About this exercise => The lines to copy are those with "alignment" in them. Pull each one from the entries below.

___ Supplied entries ___

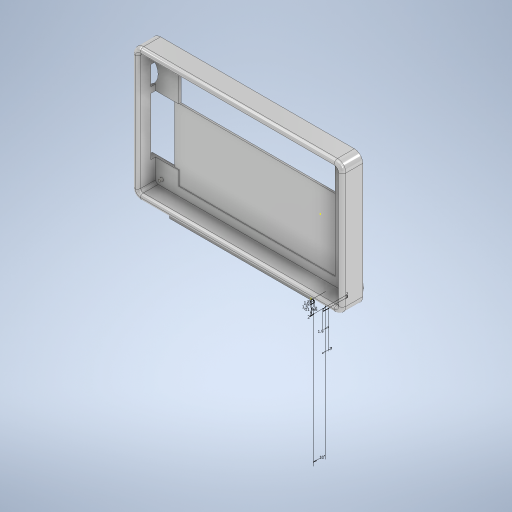
# Autodesk Inventor part: monitor-stand
Saved by Autodesk Inventor 2023 (Build 270158030, 158C)
## iProperties
Created: 2024-02-27
Part Number: monitor-stand
Material: Generic
Document SubType Name: Modeling
Designer: Imogen Heard
Density: 1 g/cm^3
Appearance: Expanded Metal 01
Author: Imogen Heard
Autodesk Inventor part; units mm, degrees
ref_plane "YZ Plane" through (0, 0, 0) normal (1, 0, 0) x (0, 1, 0)
ref_plane "XZ Plane" through (0, 0, 0) normal (0, 1, 0) x (-1, 0, 0)
ref_plane "XY Plane" through (0, 0, 0) normal (0, 0, 1) x (1, 0, 0)
sketch "Sketch1" plane through (0, 0, 0) normal (0, 0, 1) x (1, 0, 0)
  line L0 (-82.5, 50) -> (82.5, 50)
  line L1 (82.5, 50) -> (82.5, -50)
  line L2 (82.5, -50) -> (-82.5, -50)
  line L3 (-82.5, -50) -> (-82.5, 50)
  point P0 (0, 0)
  dimension "d0" = 165
  dimension "d1" = 100
  dimension "d2" = 82.5
  dimension "d3" = 50
  constraints: 8 end point, 2 parallel, 1 horizontal, 1 perpendicular
  measures "d0" distance between parallel lines of L1 L3
  measures "d1" distance between parallel lines of L2 L0
  measures "d2" horizontal distance of L2.end point (0, 0)
  measures "d3" distance from line of L2 point (0, 0)
extrude "Extrusion1" add sketch "Sketch1" along normal blind 8.36
sketch "Sketch2" plane through (0, 0, 0) normal (0, 0, -1) x (-1, 0, 0)
  circle A0 centre (-77.5, 45) radius 2.75
  circle A1 centre (77.5, 45) radius 2.75
  circle A2 centre (77.5, -45) radius 2.75
  circle A3 centre (-77.5, -45) radius 2.75
  line L0 (-82.5, 50) -> (82.5, 50) projected
  line L1 (-82.5, -50) -> (-82.5, 50) projected
  line L2 (82.5, -50) -> (-82.5, -50) projected
  line L3 (82.5, 50) -> (82.5, -50) projected
  point P0 (0, 0)
  dimension "d6" = 5.5
  dimension "d7" = 5
  dimension "d8" = 5
  dimension "d9" = 5
  dimension "d10" = 5
  constraints: 4 centre point, 3 equal radius, 2 horizontal alignment, 2 vertical alignment
  measures "d6" diameter of A3
  measures "d7" distance from line of L0 A0.centre
  measures "d8" distance from line of L1 A0.centre
  measures "d9" distance from line of L2 A3.centre
  measures "d10" distance from line of L3 A2.centre
extrude "Extrusion2" add sketch "Sketch2" along normal blind 4 contours A0 | A1 | A2 | A3
hole "Hole1" at (-77.5, -45, -4) direction (0, 0, 1) diameter 2.013 depth 4 tip angle 118 start extended yes countersink diameter 4 countersink angle 90 thread size "M2.5x0.45" class "6H" standard "ISO Metric profile"
hole "Hole2" at (77.5, 45, -4) direction (0, 0, 1) diameter 2.013 depth 4 tip angle 118 start extended yes countersink diameter 4 countersink angle 90 thread size "M2.5x0.45" class "6H" standard "ISO Metric profile"
hole "Hole3" at (77.5, -45, -4) direction (0, 0, 1) diameter 2.013 depth 4 tip angle 118 start extended yes countersink diameter 4 countersink angle 90 thread size "M2.5x0.45" class "6H" standard "ISO Metric profile"
hole "Hole4" at (-77.5, 45, -4) direction (0, 0, 1) diameter 2.013 depth 4 tip angle 118 start extended yes countersink diameter 4 countersink angle 90 thread size "M2.5x0.45" class "6H" standard "ISO Metric profile"
fillet "Fillet1" radius 2 4 edges at (82.5, 50, 4.18) (-82.5, 50, 4.18) (82.5, -50, 4.18) (-82.5, -50, 4.18)
sketch "Sketch4" plane through (0, 0, 0) normal (0, 0, -1) x (-1, 0, 0)
  line L0 (81.5, 35) -> (73.35, 35)
  line L1 (73.35, 35) -> (73.35, 23)
  line L2 (73.35, 23) -> (81.5, 23)
  line L3 (81.5, 23) -> (81.5, 35)
  line L4 (-80.5, 50) -> (80.5, 50) projected
  line L5 (82.5, 48) -> (82.5, -48) projected
  point P0 (0, 0)
  dimension "d54" = 15
  dimension "d55" = 12
  dimension "d56" = 9.15
  dimension "d57" = 1
  constraints: 8 end point, 2 parallel, 1 horizontal, 1 perpendicular
  measures "d54" distance between parallel lines of L0 L4
  measures "d55" distance between parallel lines of L2 L0
  measures "d56" distance between parallel lines of L5 L1
  measures "d57" distance between parallel lines of L5 L3
extrude "Extrusion3" add sketch "Sketch4" along normal blind 3
fillet "Fillet2" radius 6 2 edges at (-81.5, 35, -1.5) (-81.5, 23, -1.5)
sketch "Sketch5" plane through (0, 0, 0) normal (0, 0, -1) x (-1, 0, 0)
  arc A0 (77.425, 21.5) -> (77.425, 36.5) centre (77.425, 29) ccw
  line L0 (73.35, 35) -> (73.35, 23) projected
  line L1 (73.35, 23) -> (75.5, 23) projected
  line L2 (75.5, 35) -> (73.35, 35) projected
  line L3 (81.5, 35) -> (73.35, 35) projected
  line L4 (77.425, 36.5) -> (77.425, 21.5)
  arc A1 (75.5, 23) -> (75.5, 35) centre (75.5, 29) ccw projected
  point P0 (0, 0)
  point P1 (77.425, 35)
  point P2 (77.425, 35)
  point P3 (77.425, 23)
  point P4 (77.425, 34.6828)
  point P5 (77.425, 23.3172)
  point P6 (77.425, 35)
  dimension "d60" = 15
  dimension "d61" = 12
  dimension "d62" = 6
  dimension "d64" = 4.075
  constraints: 2 end point, 2 point on circle, 1 centre point, 1 midpoint
  measures "d60" diameter of A0
  measures "d61" distance from line of point (77.425, 35) L1
  measures "d62" distance from line of L1 A0.centre
  measures "d64" distance from line of L0 A0.centre
extrude "Extrusion4" add sketch "Sketch5" along normal blind 2.7 contours L4 A1 A0 | L4 A1
sketch "Sketch6" plane through (-82.5, -48, 8.36) normal (-1, 0, 0) x (0, 0, 1)
  line L0 (-14.66, 18.5) -> (-10.47, 18.5)
  line L1 (-10.47, 33.5) -> (-14.66, 33.5)
  line L2 (-14.66, 33.5) -> (-14.66, 18.5)
  line L3 (-10.47, 20) -> (-9.06, 21)
  line L4 (-9.06, 21) -> (-9.06, 31)
  line L5 (-8.36, 0) -> (-8.36, 96) projected
  line L6 (-9.06, 31) -> (-10.47, 32)
  line L7 (-10.47, 33) -> (-8.36, 33)
  line L8 (-8.36, 33) -> (-8.36, 33.5)
  line L9 (-8.36, 33.5) -> (-10.47, 33.5)
  line L10 (-10.47, 18.5) -> (-8.36, 18.5)
  line L11 (-8.36, 18.5) -> (-8.36, 19)
  line L12 (-8.36, 19) -> (-10.47, 19)
  line L13 (-8.36, -2) -> (0, -2) projected
  line L14 (-10.47, 19) -> (-10.47, 20)
  line L15 (-10.47, 32) -> (-10.47, 33)
  line L16 (-10.92, 33.05) -> (-10.92, 31.7675)
  line L17 (-10.92, 31.7675) -> (-9.51, 30.7675)
  line L18 (-9.51, 30.7675) -> (-9.51, 21.2325)
  line L19 (-9.51, 21.2325) -> (-10.92, 20.2325)
  line L20 (-10.92, 20.2325) -> (-10.92, 18.95)
  line L21 (-10.92, 18.95) -> (-14.21, 18.95)
  line L22 (-14.21, 18.95) -> (-14.21, 33.05)
  line L23 (-14.21, 33.05) -> (-10.92, 33.05)
  point P0 (-8.36, 48)
  point P1 (-12.565, 33.05)
  point P2 (-10.47, 32.5)
  point P3 (-10.47, 19.5)
  point P4 (-8.36, 18.5)
  point P5 (-10.47, 33.5)
  dimension "d68" = 0.5
  dimension "d69" = 0.5
  dimension "d70" = 15
  dimension "d71" = 6.3
  dimension "d73" = 0.7
  dimension "d74" = 1.5
  dimension "d75" = 1.5
  dimension "d76" = 20.5
  dimension "d77" = 2.5
  dimension "d78" = 2.5
  dimension "d79" = 2.11
  dimension "d80" = 0.45
  dimension "d81" = 0.45
  dimension "d82" = 0.45
  dimension "d83" = 0.45
  dimension "d84" = 0.45
  dimension "d85" = 0.45
  constraints: 44 end point, 9 parallel, 6 perpendicular, 3 horizontal, 3 midpoint, 2 point on line, 1 coincident, 1 vertical alignment, 2 other
  measures "d68" distance between parallel lines of L9 L7
  measures "d69" distance between parallel lines of L12 L10
  measures "d70" distance between parallel lines of L1 L0
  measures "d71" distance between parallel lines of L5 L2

___

Completed task =>
  constraints: 4 centre point, 3 equal radius, 2 horizontal alignment, 2 vertical alignment
  constraints: 44 end point, 9 parallel, 6 perpendicular, 3 horizontal, 3 midpoint, 2 point on line, 1 coincident, 1 vertical alignment, 2 other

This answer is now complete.